A Data-Driven Approach to Vertical Farming
In the world of farming, new methods are constantly being explored to meet the increasing demand for food. One promising approach is the use of data-driven techniques in vertical farming, where crops are grown in controlled indoor environments.

We believe that the success of this project hinges on a multidisciplinary approach and welcome collaboration with domain experts and we welcome all to join us playing a vital role in bringing our innovative ideas to life and contributing to the growth of the start-up community in the region.

Stage 1: Automating farming with IoT
Our journey begins with a focus on automation through the Internet of Things (IoT). We use small computers called microcontrollers, along with sensors and actuators. These devices help us automate tasks like watering and controlling the farm's environment.

By connecting sensors that measure things like temperature, humidity, and light to microcontrollers, we can monitor and adjust conditions for the plants. Computer code makes this possible, and rigorous testing ensures that the automation works correctly.

Stage 2: Gathering and logging data
In the second stage, we concentrate on collecting and storing data from the farm's environment. The same sensors from Stage 1 play a critical role in this phase. They continuously collect data on temperature, humidity, and light levels, which we carefully record.

Data logging is essential because it helps us track changes and conditions over time. The logged data is formatted and organized for easy analysis. We store it in databases or files, ready to be used for decision-making.

Stage 3: Creating a data-driven model
Now we move to the final stage, Stage 3. Here, we employ computer programming and machine learning to make sense of the data we've collected. We use a programming language called Python and machine learning techniques to create a model.

This model learns from the data we've collected and can predict outcomes, helping us understand our farming processes better.

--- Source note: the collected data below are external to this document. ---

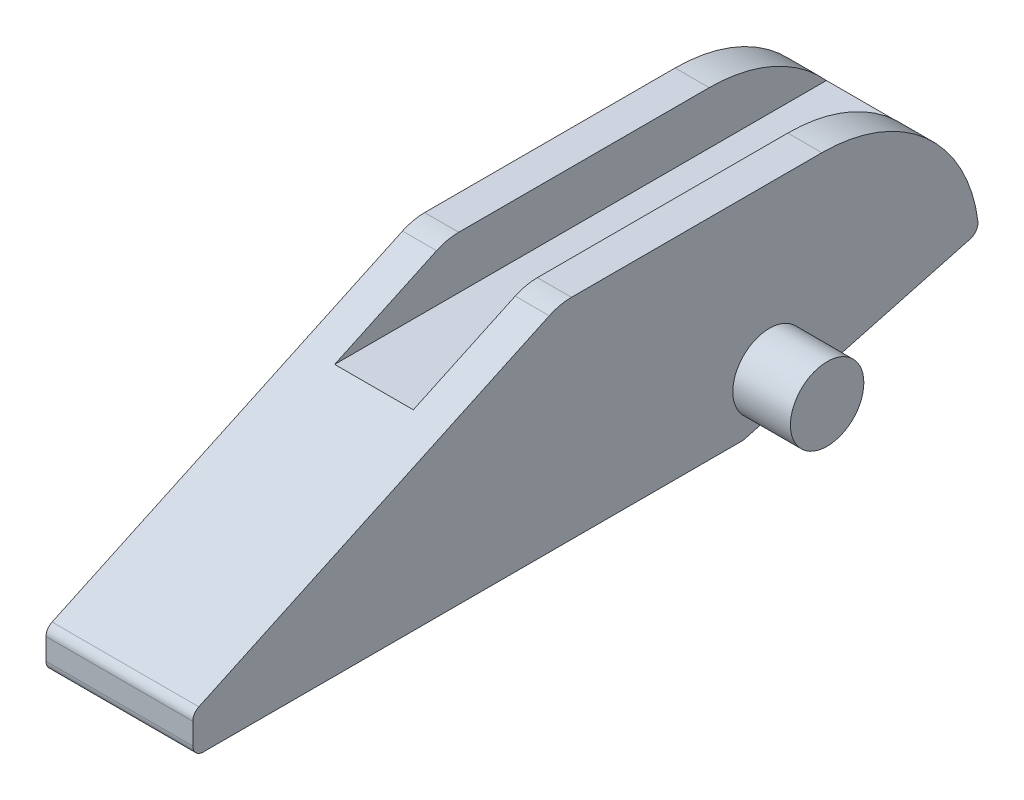
ISO-10303-21;
HEADER;
FILE_DESCRIPTION(('STEP AP214'),'2;1');
FILE_NAME('part.step','',(''),(''),'','','');
FILE_SCHEMA(('AUTOMOTIVE_DESIGN { 1 0 10303 214 1 1 1 1 }'));
ENDSEC;
DATA;
#1=APPLICATION_CONTEXT('core data for automotive mechanical design processes');
#2=APPLICATION_PROTOCOL_DEFINITION('international standard','automotive_design',2000,#1);
#3=PRODUCT_CONTEXT('',#1,'mechanical');
#4=PRODUCT('Part','Part','',(#3));
#5=PRODUCT_RELATED_PRODUCT_CATEGORY('part','',(#4));
#6=PRODUCT_DEFINITION_FORMATION('','',#4);
#7=PRODUCT_DEFINITION_CONTEXT('part definition',#1,'design');
#8=PRODUCT_DEFINITION('design','',#6,#7);
#9=PRODUCT_DEFINITION_SHAPE('','',#8);
#10=(LENGTH_UNIT() NAMED_UNIT(*) SI_UNIT(.MILLI.,.METRE.));
#11=(NAMED_UNIT(*) PLANE_ANGLE_UNIT() SI_UNIT($,.RADIAN.));
#12=(NAMED_UNIT(*) SI_UNIT($,.STERADIAN.) SOLID_ANGLE_UNIT());
#13=UNCERTAINTY_MEASURE_WITH_UNIT(LENGTH_MEASURE(1.E-05),#10,'distance_accuracy_value','');
#14=(GEOMETRIC_REPRESENTATION_CONTEXT(3) GLOBAL_UNCERTAINTY_ASSIGNED_CONTEXT((#13)) GLOBAL_UNIT_ASSIGNED_CONTEXT((#10,
#11,#12)) REPRESENTATION_CONTEXT('',''));
#15=CARTESIAN_POINT('',(0.,0.,0.));
#16=DIRECTION('',(0.,0.,1.));
#17=DIRECTION('',(1.,0.,0.));
#18=AXIS2_PLACEMENT_3D('',#15,#16,#17);
#19=CARTESIAN_POINT('',(1.4,0.999999999999998,3.));
#20=DIRECTION('',(-1.,0.,0.));
#21=DIRECTION('',(0.,0.,1.));
#22=AXIS2_PLACEMENT_3D('',#19,#20,#21);
#23=CYLINDRICAL_SURFACE('',#22,3.);
#24=CARTESIAN_POINT('',(1.4,0.999999999999998,3.));
#25=DIRECTION('',(1.,0.,0.));
#26=DIRECTION('',(0.,0.,1.));
#27=AXIS2_PLACEMENT_3D('',#24,#25,#26);
#28=CIRCLE('',#27,3.);
#29=CARTESIAN_POINT('',(1.4,1.37847392209244,0.0239695078349815));
#30=VERTEX_POINT('',#29);
#31=CARTESIAN_POINT('',(1.4,4.,3.));
#32=VERTEX_POINT('',#31);
#33=EDGE_CURVE('E255',#30,#32,#28,.T.);
#34=ORIENTED_EDGE('',*,*,#33,.F.);
#35=DIRECTION('',(-1.,0.,0.));
#36=VECTOR('',#35,1.);
#37=CARTESIAN_POINT('',(1.4,1.37847392209244,0.0239695078349811));
#38=LINE('',#37,#36);
#39=CARTESIAN_POINT('',(-1.4,1.37847392209244,0.0239695078349815));
#40=VERTEX_POINT('',#39);
#41=EDGE_CURVE('E334',#30,#40,#38,.T.);
#42=ORIENTED_EDGE('',*,*,#41,.T.);
#43=CARTESIAN_POINT('',(-1.4,0.999999999999998,3.));
#44=DIRECTION('',(1.,0.,0.));
#45=DIRECTION('',(0.,0.,1.));
#46=AXIS2_PLACEMENT_3D('',#43,#44,#45);
#47=CIRCLE('',#46,3.);
#48=CARTESIAN_POINT('',(-1.4,4.,3.));
#49=VERTEX_POINT('',#48);
#50=EDGE_CURVE('E273',#40,#49,#47,.T.);
#51=ORIENTED_EDGE('',*,*,#50,.T.);
#52=DIRECTION('',(-1.,0.,0.));
#53=VECTOR('',#52,1.);
#54=CARTESIAN_POINT('',(1.4,4.,3.));
#55=LINE('',#54,#53);
#56=CARTESIAN_POINT('',(-0.75,4.,3.));
#57=VERTEX_POINT('',#56);
#58=EDGE_CURVE('E236',#57,#49,#55,.T.);
#59=ORIENTED_EDGE('',*,*,#58,.F.);
#60=CARTESIAN_POINT('',(-0.75,0.999999999999998,3.));
#61=DIRECTION('',(1.,0.,0.));
#62=DIRECTION('',(0.,0.,-1.));
#63=AXIS2_PLACEMENT_3D('',#60,#61,#62);
#64=CIRCLE('',#63,3.);
#65=CARTESIAN_POINT('',(-0.75,3.,0.763932022500208));
#66=VERTEX_POINT('',#65);
#67=EDGE_CURVE('E226',#66,#57,#64,.T.);
#68=ORIENTED_EDGE('',*,*,#67,.F.);
#69=DIRECTION('',(-1.,0.,0.));
#70=VECTOR('',#69,1.);
#71=CARTESIAN_POINT('',(1.4,3.,0.763932022500209));
#72=LINE('',#71,#70);
#73=CARTESIAN_POINT('',(0.75,3.,0.763932022500208));
#74=VERTEX_POINT('',#73);
#75=EDGE_CURVE('E212',#66,#74,#72,.F.);
#76=ORIENTED_EDGE('',*,*,#75,.T.);
#77=CARTESIAN_POINT('',(0.75,0.999999999999998,3.));
#78=DIRECTION('',(-1.,0.,0.));
#79=DIRECTION('',(0.,0.,1.));
#80=AXIS2_PLACEMENT_3D('',#77,#78,#79);
#81=CIRCLE('',#80,3.);
#82=CARTESIAN_POINT('',(0.75,4.,3.));
#83=VERTEX_POINT('',#82);
#84=EDGE_CURVE('E243',#83,#74,#81,.T.);
#85=ORIENTED_EDGE('',*,*,#84,.F.);
#86=EDGE_CURVE('E254',#32,#83,#55,.T.);
#87=ORIENTED_EDGE('',*,*,#86,.F.);
#88=EDGE_LOOP('',(#34,#42,#51,#59,#68,#76,#85,#87));
#89=FACE_BOUND('',#88,.T.);
#90=ADVANCED_FACE('F38',(#89),#23,.T.);
#91=CARTESIAN_POINT('',(1.4,4.,7.77738173825931));
#92=DIRECTION('',(0.,-1.,0.));
#93=DIRECTION('',(0.,0.,-1.));
#94=AXIS2_PLACEMENT_3D('',#91,#92,#93);
#95=PLANE('',#94);
#96=DIRECTION('',(0.,0.,-1.));
#97=VECTOR('',#96,1.);
#98=CARTESIAN_POINT('',(-0.750000000000002,4.,15.));
#99=LINE('',#98,#97);
#100=CARTESIAN_POINT('',(-0.750000000000001,4.,7.77738173825931));
#101=VERTEX_POINT('',#100);
#102=EDGE_CURVE('E427',#101,#57,#99,.T.);
#103=ORIENTED_EDGE('',*,*,#102,.T.);
#104=ORIENTED_EDGE('',*,*,#58,.T.);
#105=DIRECTION('',(0.,0.,1.));
#106=VECTOR('',#105,1.);
#107=CARTESIAN_POINT('',(-1.4,4.,7.77738173825931));
#108=LINE('',#107,#106);
#109=CARTESIAN_POINT('',(-1.4,4.,7.77738173825931));
#110=VERTEX_POINT('',#109);
#111=EDGE_CURVE('E275',#49,#110,#108,.T.);
#112=ORIENTED_EDGE('',*,*,#111,.T.);
#113=DIRECTION('',(-1.,0.,0.));
#114=VECTOR('',#113,1.);
#115=CARTESIAN_POINT('',(1.4,4.,7.77738173825931));
#116=LINE('',#115,#114);
#117=EDGE_CURVE('E299',#101,#110,#116,.T.);
#118=ORIENTED_EDGE('',*,*,#117,.F.);
#119=EDGE_LOOP('',(#103,#104,#112,#118));
#120=FACE_BOUND('',#119,.T.);
#121=ADVANCED_FACE('F494',(#120),#95,.F.);
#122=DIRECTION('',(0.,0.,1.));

We train, evaluate, and refine the model to improve its accuracy and usefulness over time.

Conclusion: Advancements in vertical farming
Our journey is poised for a new phase - the implementation of these data-driven techniques in a pilot program. As we look forward to proving the benefits of IoT automation, data logging, and machine learning in real-world vertical farming, we anticipate a future where technology enhances our ability to meet the growing demand for food more efficiently.

In this pilot program, we aim to demonstrate how technology can improve farming practices, leading to more sustainable and productive agriculture. We're excited to embark on this journey and validate the potential of data-driven methods in vertical farming.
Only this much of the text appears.